Clinicopathological Study of Extraventricular Neurocytomas
JK Myung, B Kim, SJ Byun, SH Park. Seoul National University College of Medicine, Seoul, Republic of Korea
Background: From 1992, parenchymal counterpart of central neurocytoma (CN), extraventricular neurocytoma (EVN) started to be recognized, which share the histopathogical features of the CN but are known to show a wide morphological spectrum.
Design: Five recent cases of EVNs along with the clinicopathological and radiological findings are reviewed.

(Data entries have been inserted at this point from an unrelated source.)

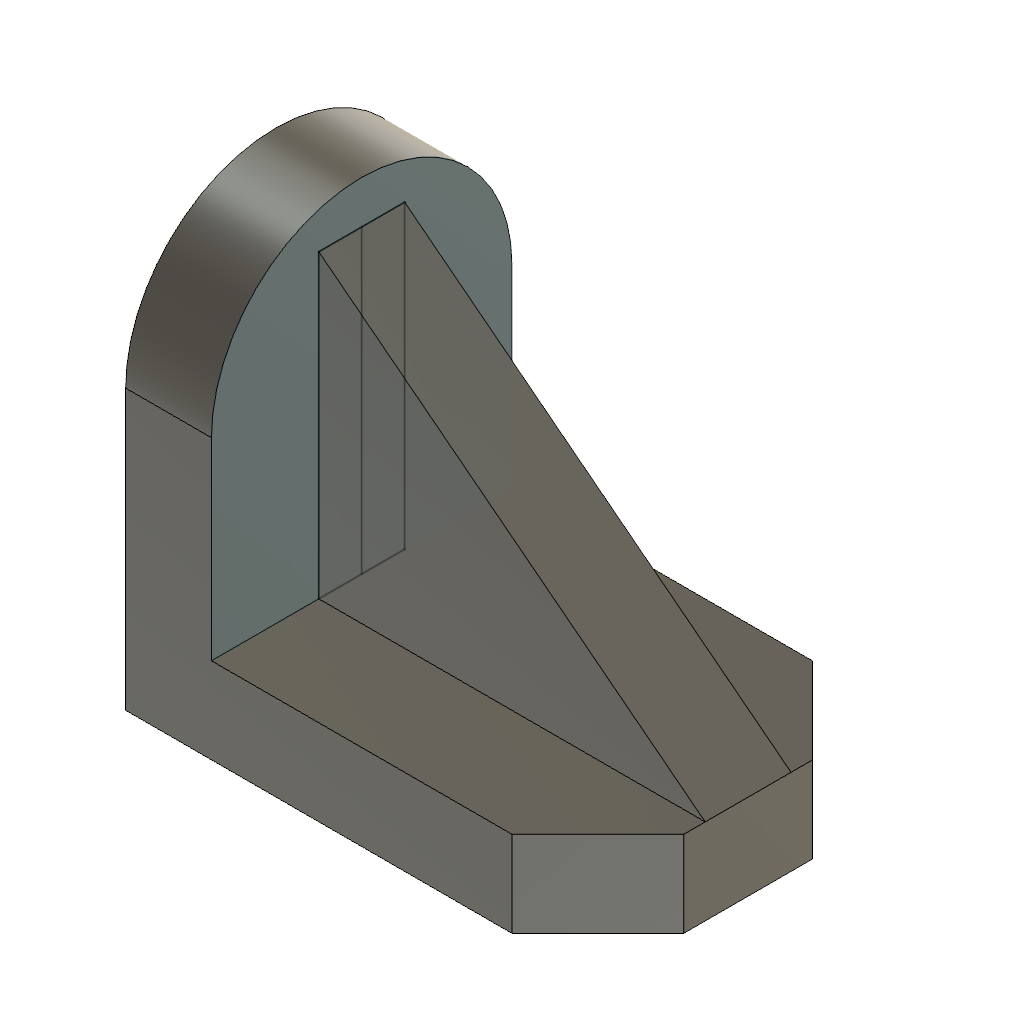
3D_1 (Autodesk Fusion 360 design; units mm, degrees)
part number: 2026-09-30-13-57-32-365
Autodesk Fusion 360 part; units mm, degrees
sketch "Sketch1" plane through (0, 0, 0) normal (0, 0, 1) x (1, 0, 0)
  line L0 (21, 21) -> (-33, 21)
  line L1 (-33, 21) -> (-33, -21)
  line L2 (-33, -21) -> (21, -21)
  line L3 (33, -9) -> (33, 9)
  line L4 (33, 21) -> (-33, -21) construction
  line L5 (-33, 21) -> (33, -21) construction
  line L6 (21, -21) -> (33, -9)
  line L7 (34.2032, 45.3294) -> (124.4495, 45.3294)
  line L8 (33, 9) -> (21, 21)
  dimension "d1" = 66
  dimension "d2" = 42
  dimension "d3" = 12
  dimension "d4" = 12
  dimension "d5" = 12
  dimension "d6" = 12
  constraint horizontal L0
  constraint perpendicular L0 L1
  constraint parallel L0 L2
  constraint parallel L1 L3
  constraint coincident L4 origin
  constraint coincident L5 origin
  constraint coincident L5.end L2
  constraint coincident L5.end L3
  constraint horizontal L7
  constraint coincident L4.start L3
  constraint coincident L4.start L0
  measures "d1" distance of L1.end L5.end
  measures "d2" distance of L0.end L1.end
  measures "d3" distance of L5.end L2.end
  measures "d4" distance of L5.end L3.start
  measures "d5" distance of L4.start L3.end
  measures "d6" distance of L4.start L0.start
extrude "Extrude1" add sketch "Sketch1" along normal blind 12
sketch "Sketch2" plane through (0, 0, 12) normal (0, 0, 1) x (-1, 0, 0)
  line L0 (-33, -9) -> (-21, -21)
  line L1 (-21, -21) -> (33, -21)
  line L2 (33, -21) -> (33, 21)
  line L3 (33, 21) -> (-21, 21)
  line L4 (-21, 21) -> (-33, 9)
  line L5 (-33, 9) -> (-33, -9)
  line L6 (33, -21) -> (21, -21)
  line L7 (21, -21) -> (21, 21)
  line L8 (21, 21) -> (33, 21)
  line L9 (33, 21) -> (33, -21)
  dimension "d9" = 12
  constraint horizontal L6
  constraint vertical L7
  constraint horizontal L8
  constraint vertical L9
  constraint coincident L3 L7.end
  constraint coincident L1.end L2.start
  measures "d9" distance of L7 L9
extrude "Extrude2" add sketch "Sketch2" along normal blind 48 contours L1 L2 L3 L6 L7 L8 L9
fillet "Fillet1" radius 21 2 edges at (-27, -21, 60) (-27, 21, 60)
sketch "Sketch4" plane through (-21, 0, 0) normal (1, 0, 0) x (0, 1, 0)
  arc A0 (21, 39) -> (-21, 39) centre (0, 39) ccw
  line L0 (-21, 39) -> (-21, 12)
  line L1 (-21, 12) -> (21, 12)
  line L2 (21, 12) -> (21, 39)
  line L3 (-6, 54) -> (6, 54)
  line L4 (6, 54) -> (6, 12)
  line L5 (6, 12) -> (-6, 12)
  line L6 (-6, 12) -> (-6, 54)
  line L7 (0, 12) -> (0, 54)
  dimension "d17" = 12
  dimension "d18" = 42
  constraint horizontal L3
  constraint vertical L4
  constraint horizontal L5
  constraint vertical L6
  constraint midpoint L1 L5
  constraint midpoint L5 L7.start
  constraint midpoint L3 L7.end
  measures "d17" distance of L3.start L3.end
  measures "d18" distance of L3.start L5.end
sketch "Sketch5" plane through (0, 0, 12) normal (0, 0, 1) x (-1, 0, 0)
  line L0 (21, -21) -> (21, 21)
  line L1 (21, 21) -> (-21, 21)
  line L2 (-21, 21) -> (-33, 9)
  line L3 (-33, 9) -> (-33, -9)
  line L4 (-33, -9) -> (-21, -21)
  line L5 (-21, -21) -> (21, -21)
  line L6 (21, -6) -> (-33, -6)
  line L7 (-33, -6) -> (-33, 6)
  line L8 (-33, 6) -> (21, 6)
  line L9 (21, 6) -> (21, -6)
  dimension "d19" = 12
  dimension "d20" = 15
  constraint horizontal L6
  constraint vertical L7
  constraint horizontal L8
  constraint vertical L9
  constraint coincident L0 L6.start
  measures "d19" distance of L6.start L8.end
  measures "d20" distance of L1 L8
extrude "Extrude3" add sketch "Sketch5" along normal blind 42 contours L0 L3 L6 L7 L8 L9
sketch "Sketch7" plane through (0, -6, 0) normal (0, -1, 0) x (1, 0, 0)
  line L0 (-21, 12) -> (33, 12)
  line L1 (33, 12) -> (33, 54)
  line L2 (33, 54) -> (-21, 54)
  line L3 (-21, 54) -> (-21, 12)
  line L4 (-21, 54) -> (33, 12)
  constraint coincident L2.end L3.start
  constraint coincident L0.end L1.start
extrude "Extrude4" cut sketch "Sketch7" against normal blind 20 contours L1 L2 L4
equation "d4 = d3"
equation "d6 = d5"
equation "d10 = 60 mm - 12 mm"
Autodesk Fusion 360 part; units mm, degrees
(part 6 of 6)
sketch "Skizze11" plane through (0, 0, 0) normal (0, 1, 0) x (1, 0, 0)
  spline S0 degree 5 poles (100, -0.126) (99.9798, -0.1288) (99.9313, -0.1355) (99.8343, -0.1489) (99.6563, -0.1737) (99.3616, -0.2148) (99.015, -0.2631) (98.6371, -0.3154) (98.2386, -0.3703) (97.8209, -0.4275) (97.382, -0.4873) (96.9201, -0.55) (96.4368, -0.6152) (95.9348, -0.6827) (95.4173, -0.7517) (94.8865, -0.8221) (94.3434, -0.8935) (93.7883, -0.966) (93.2211, -1.0395) (92.6419, -1.1139) (92.0509, -1.1893) (91.4489, -1.2656) (90.8365, -1.3428) (90.2145, -1.4207) (89.5836, -1.4992) (88.9442, -1.5783) (88.2966, -1.6578) (87.6411, -1.7376) (86.9779, -1.8177) (86.3071, -1.898) (85.6291, -1.9785) (84.9441, -2.0592) (84.2524, -2.14) (83.5542, -2.2209) (82.8499, -2.302) (82.1396, -2.3832) (81.4237, -2.4644) (80.7023, -2.5455) (79.9756, -2.6264) (79.2439, -2.7072) (78.5072, -2.7876) (77.7658, -2.8678) (77.0199, -2.9476) (76.2696, -3.0272) (75.5151, -3.1065) (74.7565, -3.1855) (73.994, -3.2641) (73.2278, -3.3425) (72.458, -3.4204) (71.6848, -3.498) (70.9082, -3.5751) (70.1285, -3.6516) (69.3457, -3.7276) (68.5601, -3.8029) (67.7717, -3.8776) (66.9807, -3.9517) (66.1873, -4.025) (65.3915, -4.0976) (64.5935, -4.1695) (63.7933, -4.2406) (62.9912, -4.3109) (62.1872, -4.3803) (61.3815, -4.4489) (60.5741, -4.5165) (59.7651, -4.5832) (58.9548, -4.6489) (58.1431, -4.7135) (57.3303, -4.7772) (56.5164, -4.8397) (55.7016, -4.9011) (54.886, -4.9613) (54.0697, -5.0203) (53.2528, -5.078) (52.4355, -5.1344) (51.6179, -5.1895) (50.7999, -5.2432) (49.9819, -5.2955) (49.1638, -5.3463) (48.3457, -5.3956) (47.5278, -5.4433) (46.7102, -5.4895) (45.893, -5.5341) (45.0762, -5.577) (44.26, -5.6182) (43.4446, -5.6576) (42.63, -5.6953) (41.8164, -5.7311) (41.0039, -5.7649) (40.1926, -5.7967) (39.3826, -5.8264) (38.5742, -5.854) (37.7673, -5.8795) (36.9621, -5.9027) (36.1587, -5.9236) (35.3572, -5.9422) (34.5578, -5.9584) (33.7606, -5.9723) (32.9656, -5.9836) (32.1731, -5.9924) (31.3832, -5.9986) (30.596, -6.0021) (29.8117, -6.0029) (29.0304, -6.0008) (28.2522, -5.9958) (27.4773, -5.9879) (26.7059, -5.9771) (25.9381, -5.9631) (25.1741, -5.9461) (24.4139, -5.926) (23.6579, -5.9026) (22.9062, -5.876) (22.1589, -5.846) (21.4162, -5.8125) (20.6784, -5.7755) (19.9455, -5.7349) (19.218, -5.6907) (18.4958, -5.6427) (17.7792, -5.5908) (17.0686, -5.5351) (16.364, -5.4755) (15.6657, -5.4117) (14.974, -5.3438) (14.2893, -5.2716) (13.6117, -5.195) (12.9416, -5.1138) (12.2793, -5.028) (11.6251, -4.9374) (10.9794, -4.8419) (10.3425, -4.7414) (9.7148, -4.6358) (9.0967, -4.5249) (8.4888, -4.4086) (7.8916, -4.2868) (7.3058, -4.1591) (6.7319, -4.0253) (6.1705, -3.8852) (5.6223, -3.7383) (5.0877, -3.5844) (4.5676, -3.4228) (4.0631, -3.2534) (3.5755, -3.0757) (3.1066, -2.8893) (2.6585, -2.6938) (2.2329, -2.4884) (1.8313, -2.2718) (1.4554, -2.0423) (1.1078, -1.7986) (0.7933, -1.5393) (0.5196, -1.2639) (0.2958, -0.9725) (0.1296, -0.6653) (0.0462, -0.407) (0.012, -0.2062) (0.0019, -0.0693) (0, 0) knots 0 0 0 0 0 0 0.00666667 0.01333333 0.02 0.02666667 0.03333333 0.04 0.04666667 0.05333333 0.06 0.06666667 0.07333333 0.08 0.08666667 0.09333333 0.1 0.10666667 0.11333333 0.12 0.12666667 0.13333333 0.14 0.14666667 0.15333333 0.16 0.16666667 0.17333333 0.18 0.18666667 0.19333333 0.2 0.20666667 0.21333333 0.22 0.22666667 0.23333333 0.24 0.24666667 0.25333333 0.26 0.26666667 0.27333333 0.28 0.28666667 0.29333333 0.3 0.30666667 0.31333333 0.32 0.32666667 0.33333333 0.34 0.34666667 0.35333333 0.36 0.36666667 0.37333333 0.38 0.38666667 0.39333333 0.4 0.40666667 0.41333333 0.42 0.42666667 0.43333333 0.44 0.44666667 0.45333333 0.46 0.46666667 0.47333333 0.48 0.48666667 0.49333333 0.5 0.50666667 0.51333333 0.52 0.52666667 0.53333333 0.54 0.54666667 0.55333333 0.56 0.56666667 0.57333333 0.58 0.58666667 0.59333333 0.6 0.60666667 0.61333333 0.62 0.62666667 0.63333333 0.64 0.64666667 0.65333333 0.66 0.66666667 0.67333333 0.68 0.68666667 0.69333333 0.7 0.70666667 0.71333333 0.72 0.72666667 0.73333333 0.74 0.74666667 0.75333333 0.76 0.76666667 0.77333333 0.78 0.78666667 0.79333333 0.8 0.80666667 0.81333333 0.82 0.82666667 0.83333333 0.84 0.84666667 0.85333333 0.86 0.86666667 0.87333333 0.88 0.88666667 0.89333333 0.9 0.90666667 0.91333333 0.92 0.92666667 0.93333333 0.94 0.94666667 0.95333333 0.96 0.96666667 0.97333333 0.98 0.98666667 0.99333333 1 1 1 1 1 1
  spline S1 degree 5 poles (0, 0) (0.0019, 0.0693) (0.012, 0.2062) (0.0462, 0.407) (0.1296, 0.6653) (0.2958, 0.9725) (0.5196, 1.2639) (0.7933, 1.5393) (1.1078, 1.7986) (1.4554, 2.0423) (1.8313, 2.2718) (2.2329, 2.4884) (2.6585, 2.6938) (3.1066, 2.8893) (3.5755, 3.0757) (4.0631, 3.2534) (4.5676, 3.4228) (5.0877, 3.5844) (5.6223, 3.7383) (6.1705, 3.8852) (6.7319, 4.0253) (7.3058, 4.1591) (7.8916, 4.2868) (8.4888, 4.4086) (9.0967, 4.5249) (9.7148, 4.6358) (10.3425, 4.7414) (10.9794, 4.8419) (11.6251, 4.9374) (12.2793, 5.028) (12.9416, 5.1138) (13.6117, 5.195) (14.2893, 5.2716) (14.974, 5.3438) (15.6657, 5.4117) (16.364, 5.4755) (17.0686, 5.5351) (17.7792, 5.5908) (18.4958, 5.6427) (19.218, 5.6907) (19.9455, 5.7349) (20.6784, 5.7755) (21.4162, 5.8125) (22.1589, 5.846) (22.9062, 5.876) (23.6579, 5.9026) (24.4139, 5.926) (25.1741, 5.9461) (25.9381, 5.9631) (26.7059, 5.9771) (27.4773, 5.9879) (28.2522, 5.9958) (29.0304, 6.0008) (29.8117, 6.0029) (30.596, 6.0021) (31.3832, 5.9986) (32.1731, 5.9924) (32.9656, 5.9836) (33.7606, 5.9723) (34.5578, 5.9584) (35.3572, 5.9422) (36.1587, 5.9236) (36.9621, 5.9027) (37.7673, 5.8795) (38.5742, 5.854) (39.3826, 5.8264) (40.1926, 5.7967) (41.0039, 5.7649) (41.8164, 5.7311) (42.63, 5.6953) (43.4446, 5.6576) (44.26, 5.6182) (45.0762, 5.577) (45.893, 5.5341) (46.7102, 5.4895) (47.5278, 5.4433) (48.3457, 5.3956) (49.1638, 5.3463) (49.9819, 5.2955) (50.7999, 5.2432) (51.6179, 5.1895) (52.4355, 5.1344) (53.2528, 5.078) (54.0697, 5.0203) (54.886, 4.9613) (55.7016, 4.9011) (56.5164, 4.8397) (57.3303, 4.7772) (58.1431, 4.7135) (58.9548, 4.6489) (59.7651, 4.5832) (60.5741, 4.5165) (61.3815, 4.4489) (62.1872, 4.3803) (62.9912, 4.3109) (63.7933, 4.2406) (64.5935, 4.1695) (65.3915, 4.0976) (66.1873, 4.025) (66.9807, 3.9517) (67.7717, 3.8776) (68.5601, 3.8029) (69.3457, 3.7276) (70.1285, 3.6516) (70.9082, 3.5751) (71.6848, 3.498) (72.458, 3.4204) (73.2278, 3.3425) (73.994, 3.2641) (74.7565, 3.1855) (75.5151, 3.1065) (76.2696, 3.0272) (77.0199, 2.9476) (77.7658, 2.8678) (78.5072, 2.7876) (79.2439, 2.7072) (79.9756, 2.6264) (80.7023, 2.5455) (81.4237, 2.4644) (82.1396, 2.3832) (82.8499, 2.302) (83.5542, 2.2209) (84.2524, 2.14) (84.9441, 2.0592) (85.6291, 1.9785) (86.3071, 1.898) (86.9779, 1.8177) (87.6411, 1.7376) (88.2966, 1.6578) (88.9442, 1.5783) (89.5836, 1.4992) (90.2145, 1.4207) (90.8365, 1.3428) (91.4489, 1.2656) (92.0509, 1.1893) (92.6419, 1.1139) (93.2211, 1.0395) (93.7883, 0.966) (94.3434, 0.8935) (94.8865, 0.8221) (95.4173, 0.7517) (95.9348, 0.6827) (96.4368, 0.6152) (96.9201, 0.55) (97.382, 0.4873) (97.8209, 0.4275) (98.2386, 0.3703) (98.6371, 0.3154) (99.015, 0.2631) (99.3616, 0.2148) (99.6563, 0.1737) (99.8343, 0.1489) (99.9313, 0.1355) (99.9798, 0.1288) (100, 0.126) knots 0 0 0 0 0 0 0.00666667 0.01333333 0.02 0.02666667 0.03333333 0.04 0.04666667 0.05333333 0.06 0.06666667 0.07333333 0.08 0.08666667 0.09333333 0.1 0.10666667 0.11333333 0.12 0.12666667 0.13333333 0.14 0.14666667 0.15333333 0.16 0.16666667 0.17333333 0.18 0.18666667 0.19333333 0.2 0.20666667 0.21333333 0.22 0.22666667 0.23333333 0.24 0.24666667 0.25333333 0.26 0.26666667 0.27333333 0.28 0.28666667 0.29333333 0.3 0.30666667 0.31333333 0.32 0.32666667 0.33333333 0.34 0.34666667 0.35333333 0.36 0.36666667 0.37333333 0.38 0.38666667 0.39333333 0.4 0.40666667 0.41333333 0.42 0.42666667 0.43333333 0.44 0.44666667 0.45333333 0.46 0.46666667 0.47333333 0.48 0.48666667 0.49333333 0.5 0.50666667 0.51333333 0.52 0.52666667 0.53333333 0.54 0.54666667 0.55333333 0.56 0.56666667 0.57333333 0.58 0.58666667 0.59333333 0.6 0.60666667 0.61333333 0.62 0.62666667 0.63333333 0.64 0.64666667 0.65333333 0.66 0.66666667 0.67333333 0.68 0.68666667 0.69333333 0.7 0.70666667 0.71333333 0.72 0.72666667 0.73333333 0.74 0.74666667 0.75333333 0.76 0.76666667 0.77333333 0.78 0.78666667 0.79333333 0.8 0.80666667 0.81333333 0.82 0.82666667 0.83333333 0.84 0.84666667 0.85333333 0.86 0.86666667 0.87333333 0.88 0.88666667 0.89333333 0.9 0.90666667 0.91333333 0.92 0.92666667 0.93333333 0.94 0.94666667 0.95333333 0.96 0.96666667 0.97333333 0.98 0.98666667 0.99333333 1 1 1 1 1 1
  line L0 (100, 0.126) -> (100, -0.126)
  point P0 (99.726, -0.164)
  point P1 (98.907, -0.278)
  point P2 (97.553, -0.464)
  point P3 (95.677, -0.717)
  point P4 (93.301, -1.029)
  point P5 (90.451, -1.391)
  point P6 (87.157, -1.796)
  point P7 (83.457, -2.232)
  point P8 (79.389, -2.691)
  point P9 (75, -3.16)
  point P10 (70.337, -3.631)
  point P11 (65.451, -4.092)
  point P12 (60.396, -4.531)
  point P13 (55.226, -4.936)
  point P14 (50, -5.294)
  point P15 (44.774, -5.592)
  point P16 (39.604, -5.818)
  point P17 (34.549, -5.958)
  point P18 (29.663, -6.002)
  point P19 (25, -5.941)
  point P20 (20.611, -5.771)
  point P21 (16.544, -5.49)
  point P22 (12.843, -5.1)
  point P23 (9.549, -4.605)
  point P24 (6.699, -4.015)
  point P25 (4.323, -3.339)
  point P26 (2.447, -2.589)
  point P27 (1.093, -1.777)
  point P28 (0.274, -0.911)
  point P29 (0.274, 0.911)
  point P30 (1.093, 1.777)
  point P31 (2.447, 2.589)
  point P32 (4.323, 3.339)
  point P33 (6.699, 4.015)
  point P34 (9.549, 4.605)
  point P35 (12.843, 5.1)
  point P36 (16.544, 5.49)
  point P37 (20.611, 5.771)
  point P38 (25, 5.941)
  point P39 (29.663, 6.002)
  point P40 (34.549, 5.958)
  point P41 (39.604, 5.818)
  point P42 (44.774, 5.592)
  point P43 (50, 5.294)
  point P44 (55.226, 4.936)
  point P45 (60.396, 4.531)
  point P46 (65.451, 4.092)
  point P47 (70.337, 3.631)
  point P48 (75, 3.16)
  point P49 (79.389, 2.691)
  point P50 (83.457, 2.232)
  point P51 (87.157, 1.796)
  point P52 (90.451, 1.391)
  point P53 (93.301, 1.029)
  point P54 (95.677, 0.717)
  point P55 (97.553, 0.464)
  point P56 (98.907, 0.278)
  point P57 (99.726, 0.164)
surface "Schnitt_SLW_Wurzel" add patch profiles "Skizze11" section 1 separate body makes body 19
scale "Profiltiefe_SLW_Wurzel" factor 2.2 about (0, 0, 0) bodies 19
sketch "Skizze12" plane through (0, 0, 0) normal (0, 1, 0) x (1, 0, 0)
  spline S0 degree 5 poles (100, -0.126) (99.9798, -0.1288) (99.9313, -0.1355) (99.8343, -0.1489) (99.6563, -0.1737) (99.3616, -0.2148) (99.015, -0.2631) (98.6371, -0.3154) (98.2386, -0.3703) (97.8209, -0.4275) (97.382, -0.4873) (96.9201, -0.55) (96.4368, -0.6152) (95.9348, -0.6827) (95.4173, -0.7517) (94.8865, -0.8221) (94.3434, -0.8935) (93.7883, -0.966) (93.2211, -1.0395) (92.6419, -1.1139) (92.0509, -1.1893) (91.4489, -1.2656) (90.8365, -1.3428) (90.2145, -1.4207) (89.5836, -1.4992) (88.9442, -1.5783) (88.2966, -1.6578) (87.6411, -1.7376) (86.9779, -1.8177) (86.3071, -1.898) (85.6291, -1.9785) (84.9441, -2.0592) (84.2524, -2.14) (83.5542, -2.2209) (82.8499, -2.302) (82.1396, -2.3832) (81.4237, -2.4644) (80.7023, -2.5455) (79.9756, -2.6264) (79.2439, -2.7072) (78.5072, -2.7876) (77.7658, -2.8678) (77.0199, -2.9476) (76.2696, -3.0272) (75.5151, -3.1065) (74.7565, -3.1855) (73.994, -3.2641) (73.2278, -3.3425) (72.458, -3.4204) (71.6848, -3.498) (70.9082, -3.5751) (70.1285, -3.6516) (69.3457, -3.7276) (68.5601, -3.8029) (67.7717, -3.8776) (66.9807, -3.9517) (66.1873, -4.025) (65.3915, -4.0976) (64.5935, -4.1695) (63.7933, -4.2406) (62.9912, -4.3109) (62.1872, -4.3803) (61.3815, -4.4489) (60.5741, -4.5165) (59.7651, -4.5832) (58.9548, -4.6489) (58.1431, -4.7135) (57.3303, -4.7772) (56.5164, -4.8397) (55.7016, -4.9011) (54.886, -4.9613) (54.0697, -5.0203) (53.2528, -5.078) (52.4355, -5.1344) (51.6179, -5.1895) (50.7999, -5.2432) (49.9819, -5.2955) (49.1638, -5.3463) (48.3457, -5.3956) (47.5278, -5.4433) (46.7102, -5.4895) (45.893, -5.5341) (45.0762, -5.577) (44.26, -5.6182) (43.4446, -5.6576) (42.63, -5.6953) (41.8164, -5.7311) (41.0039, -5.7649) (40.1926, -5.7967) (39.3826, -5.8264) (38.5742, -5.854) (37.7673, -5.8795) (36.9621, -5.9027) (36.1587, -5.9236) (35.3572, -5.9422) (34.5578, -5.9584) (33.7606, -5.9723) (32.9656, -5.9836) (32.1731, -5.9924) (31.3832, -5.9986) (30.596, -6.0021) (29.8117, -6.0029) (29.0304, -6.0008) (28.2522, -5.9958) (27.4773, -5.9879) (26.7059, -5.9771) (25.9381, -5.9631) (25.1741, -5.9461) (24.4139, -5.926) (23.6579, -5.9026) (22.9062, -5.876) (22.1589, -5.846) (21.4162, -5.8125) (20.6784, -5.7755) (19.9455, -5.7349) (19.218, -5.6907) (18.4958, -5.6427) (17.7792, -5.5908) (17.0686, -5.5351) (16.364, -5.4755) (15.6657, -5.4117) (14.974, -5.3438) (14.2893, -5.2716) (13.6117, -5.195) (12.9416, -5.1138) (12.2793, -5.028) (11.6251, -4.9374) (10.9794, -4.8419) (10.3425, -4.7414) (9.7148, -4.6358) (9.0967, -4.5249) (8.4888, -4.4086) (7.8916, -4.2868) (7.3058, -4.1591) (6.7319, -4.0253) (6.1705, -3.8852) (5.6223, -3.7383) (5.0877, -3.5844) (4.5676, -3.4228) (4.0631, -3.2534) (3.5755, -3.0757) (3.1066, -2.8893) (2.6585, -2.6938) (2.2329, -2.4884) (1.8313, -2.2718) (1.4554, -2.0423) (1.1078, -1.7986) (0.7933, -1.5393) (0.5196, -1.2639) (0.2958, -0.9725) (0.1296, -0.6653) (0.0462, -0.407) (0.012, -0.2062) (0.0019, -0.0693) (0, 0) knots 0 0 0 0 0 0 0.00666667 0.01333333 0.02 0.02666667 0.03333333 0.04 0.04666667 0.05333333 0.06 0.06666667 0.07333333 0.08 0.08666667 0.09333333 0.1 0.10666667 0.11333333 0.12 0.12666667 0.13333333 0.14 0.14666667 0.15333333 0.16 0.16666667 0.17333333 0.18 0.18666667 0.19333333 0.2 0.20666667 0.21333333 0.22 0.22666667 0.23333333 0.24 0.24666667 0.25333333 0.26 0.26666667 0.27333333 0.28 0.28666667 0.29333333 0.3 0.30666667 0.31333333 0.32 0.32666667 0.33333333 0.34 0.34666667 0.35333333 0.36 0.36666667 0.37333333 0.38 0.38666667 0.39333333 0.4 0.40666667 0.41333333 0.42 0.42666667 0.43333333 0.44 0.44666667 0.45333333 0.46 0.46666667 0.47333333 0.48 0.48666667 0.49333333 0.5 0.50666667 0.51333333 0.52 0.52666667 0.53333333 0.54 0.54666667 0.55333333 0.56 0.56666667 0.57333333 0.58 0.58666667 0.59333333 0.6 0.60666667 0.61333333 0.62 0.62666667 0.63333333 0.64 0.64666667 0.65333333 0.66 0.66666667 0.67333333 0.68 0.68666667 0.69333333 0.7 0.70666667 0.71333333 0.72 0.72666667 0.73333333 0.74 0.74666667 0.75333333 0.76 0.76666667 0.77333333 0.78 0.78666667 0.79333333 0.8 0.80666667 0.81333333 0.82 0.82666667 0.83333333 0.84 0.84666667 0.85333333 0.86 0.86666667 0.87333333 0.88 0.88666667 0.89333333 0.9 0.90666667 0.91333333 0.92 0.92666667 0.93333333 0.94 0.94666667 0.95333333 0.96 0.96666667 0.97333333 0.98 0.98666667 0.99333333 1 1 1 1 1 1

Results: The mean age of the patients was 36.2 years old (6 yrs66 yrs) and a female predominance (M:F=1:4) was found. The most common symptom was seizure (n=4) and the tumors were located in the temporal lobe (n=3), frontal lobe (n=1), and hippocampus (n=1). MRI showed nonenhancing cystic lesion (n=2), infiltrating solid mass (n=2), and well circumscribed mass with focal high signal intensity lesion on T2 and FLARE (n=1). Near total resection of the tumors were performed in every case. The tumor cells in all cases, regardless of the tumor grade, were composed of small round cells with round nuclei and clear or eosinophilic cytoplasm. These cells were arranged in sheet, in association with broad zone of fine neuropils. They superficially mimicked oligodendroglioma, but fried egg appearing cells were only focally observed. The cellularity was variable area by area. Often smaller ganglioid cells with nuclei that are larger and paler than neurocytes were detected. Three high grade ones showed high mitotic activity (7 to 9/10 HPF) and high level of MIB-1 labeling lndices (6 29 %). Two of them had vascular endothelial hyperplasia and necrosis. Almost tumor cells were immuno-labelled for synaptophysin and NeuN, and, additionally, expressed the nestin. GFAP expressing cells were observed focally, but pseudopapillary configuration was not shown. Ultrastructurally, neural tubules and synapses with synaptic junctions and synaptic vesicles were well observed. 1p/19q FISH study perfomed in 2 cases revealed no deletions. Radiotheraphy was offered to three patients with high grade ones. There were no case of recurrence in the course of follow-up periods (3 26 months) even though the follow up duration was not sufficiently long enough to confirm the biologic behavior.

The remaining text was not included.